# HABU is back!!... i'm in the boonies!



## HABU (Mar 21, 2007)

hey folk! habu here. i've been away for a spell but now i'm back on line.... (hold the boos and hisses please). i'm living in the wilderness and only have stinking dial-up availible here so bear with me.... it's all worth it though... i'm in herp paradise... got a few good pics too! (if they ever upload!)... so, what's up with all those good people on that side of the pond?


----------



## Diablo (May 25, 2007)

HABU said:


> hey folk! habu here. i've been away for a spell but now i'm back on line.... (hold the boos and hisses please). i'm living in the wilderness and only have stinking dial-up availible here so bear with me.... it's all worth it though... i'm in herp paradise... got a few good pics too! (if they ever upload!)... so, what's up with all those good people on that side of the pond?


How do Habu  

Long time no speak mate. 

Get these pics up then lol


----------



## Salamanda (May 28, 2008)

welcome back :Na_Na_Na_Na:


----------



## Fangio (Jun 2, 2007)

Hey Habu!

Good to see you back!:no1:


----------



## skimsa (Sep 28, 2007)

HOLY HECK he alive its alllllllllllive 


welcome back mate we miss your gifs


----------



## milly (Dec 25, 2007)

welcome back


----------



## SiUK (Feb 15, 2007)

welcome back mate


----------



## HABU (Mar 21, 2007)

thanks, pics are uploading... i have moved to buena vista, ohio, the foothills of the appalachian mountains. west virginia is about 40 miles east of me. i have the ohio river as my front yard and shawnee forest in my back yard... 70,000 acres of pure, unspoilded wilderness that is positively ate-up with herps!... i'm talkin about a place that dreams are made of... and it's all mine!.... i'm not in the middle of nowhere but if you climb a tree, you can see the middle of nowhere from here...haha! kentucky is across the river from me...


----------



## linda.t (Sep 28, 2007)

welcome back


----------



## Marinam2 (Sep 4, 2007)

DUDE!!!!!!!!!!!!!!!!!!!!!!!!!!!!!



Marina


----------



## PRS (Dec 31, 2007)

Welcome Back


----------



## HABU (Mar 21, 2007)

man! the internet connection is as slow as molases in january!:lol2:


----------



## shaolinmaster (Apr 28, 2008)

Good to have you back Habu........Guessing we are not gonna be inundated with pics now...........:lol2:


----------



## daz30347 (Aug 30, 2007)

HABU!!!!!!!!!!!! God,we've all missed your scanned snakes


----------



## jennibob (Jan 5, 2008)

howdy mate, new place sounds a dream, 

Welcome back to the dark side:crazy:


----------



## kaimarion (Dec 31, 2007)

Took your time  .











:welcome:back.


----------



## *H* (Jun 17, 2007)

Welcome back Hunni  Been rather quiet around these parts without ya


----------



## AuntyLizard (Feb 7, 2007)

hey habu welcome back to the mad house...

Liz


----------



## weeminx (Oct 28, 2006)

HABU said:


> thanks, pics are uploading... i have moved to buena vista, ohio, the foothills of the appalachian mountains. west virginia is about 40 miles east of me. i have the ohio river as my front yard and shawnee forest in my back yard... 70,000 acres of pure, unspoilded wilderness that is positively ate-up with herps!... i'm talkin about a place that dreams are made of... and it's all mine!.... i'm not in the middle of nowhere but if you climb a tree, you can see the middle of nowhere from here...haha! kentucky is across the river from me...

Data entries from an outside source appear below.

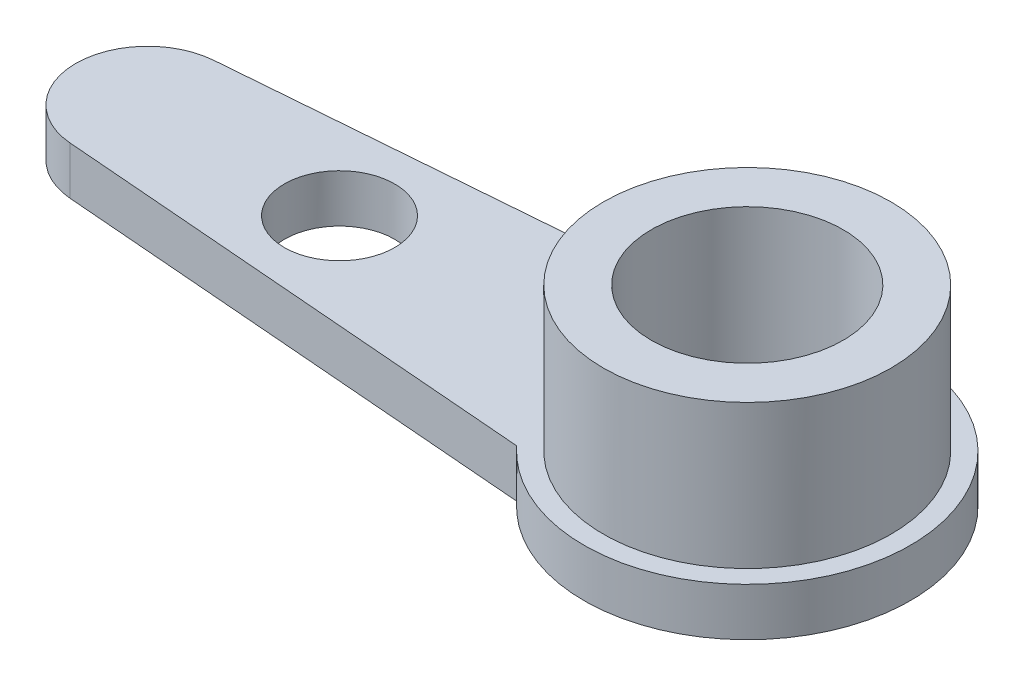
from build123d import *

# Parameters (mm, degrees)
SKICA1_R                 = 2
P_IDAT_VYSUNUT_M1_DEPTH  = 1
SKICA2_R                 = 1.15
ODEBRAT_VYSUNUT_M1_DEPTH = 2
SKICA3_R                 = 3
SKICA3_R_2               = 2
P_IDAT_VYSUNUT_M2_DEPTH  = 3
ODEBRAT_VYSUNUT_M2_DEPTH = 10


with BuildPart() as part:
    # Skica1 → Přidat vysunutím1 (new body)
    with BuildSketch(Plane(origin=(0, 0, 0), x_dir=(1, 0, 0), z_dir=(0, 1, 0))):
        with BuildLine():
            Line((-12.62, 1.495192295), (-2.5, 2.307395517))
            Line((-2.5, 2.307395517), (-2.5, 5.25))
            ThreePointArc((-2.5, 5.25), (0, 7.75), (2.5, 5.25))
            Line((2.5, 5.25), (2.5, 2.307395517))
            Line((2.5, 2.307395517), (12.62, 1.495192295))
            ThreePointArc((12.62, 1.495192295), (14, 0), (12.62, -1.495192295))
            Line((12.62, -1.495192295), (2.5, -2.307395517))
            Line((2.5, -2.307395517), (2.5, -5.25))
            ThreePointArc((2.5, -5.25), (0, -7.75), (-2.5, -5.25))
            Line((-2.5, -5.25), (-2.5, -2.307395517))
            Line((-2.5, -2.307395517), (-12.62, -1.495192295))
            ThreePointArc((-12.62, -1.495192295), (-14, 0), (-12.62, 1.495192295))
        make_face()
        Circle(SKICA1_R, mode=Mode.SUBTRACT)
    extrude(amount=P_IDAT_VYSUNUT_M1_DEPTH)

    # Skica2 → Odebrat vysunutím1 (cut)
    with BuildSketch(Plane(origin=(0, 1, 0), x_dir=(1, 0, 0), z_dir=(0, 1, 0))):
        with Locations((-8.5, 0)):
            Circle(SKICA2_R)
        with Locations((8.5, 0)):
            Circle(SKICA2_R)
    extrude(amount=-ODEBRAT_VYSUNUT_M1_DEPTH, mode=Mode.SUBTRACT)

    # Skica3 → Přidat vysunutím2 (add)
    with BuildSketch(Plane(origin=(0, 1, 0), x_dir=(1, 0, 0), z_dir=(0, 1, 0))):
        Circle(SKICA3_R)
        Circle(SKICA3_R_2, mode=Mode.SUBTRACT)
    extrude(amount=P_IDAT_VYSUNUT_M2_DEPTH)

    # Skica4 → Odebrat vysunutím2 (cut)
    with BuildSketch(Plane.XZ):
        with BuildLine():
            Line((-2.5, 2.307395517), (-2.5, 10.588101579))
            Line((-2.5, 10.588101579), (18.005147354, 10.588101579))
            Line((18.005147354, 10.588101579), (18.005147354, -8.717716122))
            Line((18.005147354, -8.717716122), (-2.5, -8.868206906))
            Line((-2.5, -8.868206906), (-2.5, -2.307395517))
            ThreePointArc((-2.5, -2.307395517), (3.402069087, 0), (-2.5, 2.307395517))
        make_face()
    extrude(amount=-ODEBRAT_VYSUNUT_M2_DEPTH, mode=Mode.SUBTRACT)


solid = part.part

ooooh.....lucky you:2thumb:
what snake species are there? is it cottonmouths and copperheads,rattlers?
hurry up with those pictures lol


----------



## butterfingersbimbo (Jan 26, 2008)

its about bloody time dude : victory:


----------



## lily-jo (Mar 27, 2008)

hehe your back
now, were you abducted by aliens (please say yes, so my theory was correct lol)
missed you 
u ok?


----------



## HABU (Mar 21, 2007)

pics are goin to be slow anymore. i'm in dial-up hell. my computer just shut down so i had to do a restart. i was in the middle of uploading pics... dang!!...haha! oh, and yes, i have beau coup timber rattlers and copperheads here... i've caught several. i'm about to post some pics!... you'll all think i'm crazy though. i was thinking of all of my friends here on the forum while i was backpacking... lizards and things skittering about and all and whished that many of you all were here. pics to follow!!:2thumb:


----------



## butterfingersbimbo (Jan 26, 2008)

it sounds idylic!!! :2thumb:


----------



## Maureen Collinson (Oct 6, 2006)

Hi Habu. 

We don't know each other, but having seen so many posts over the last weeks, with members missing you, and wondering if you are okay, it's nice to know that you are fine. 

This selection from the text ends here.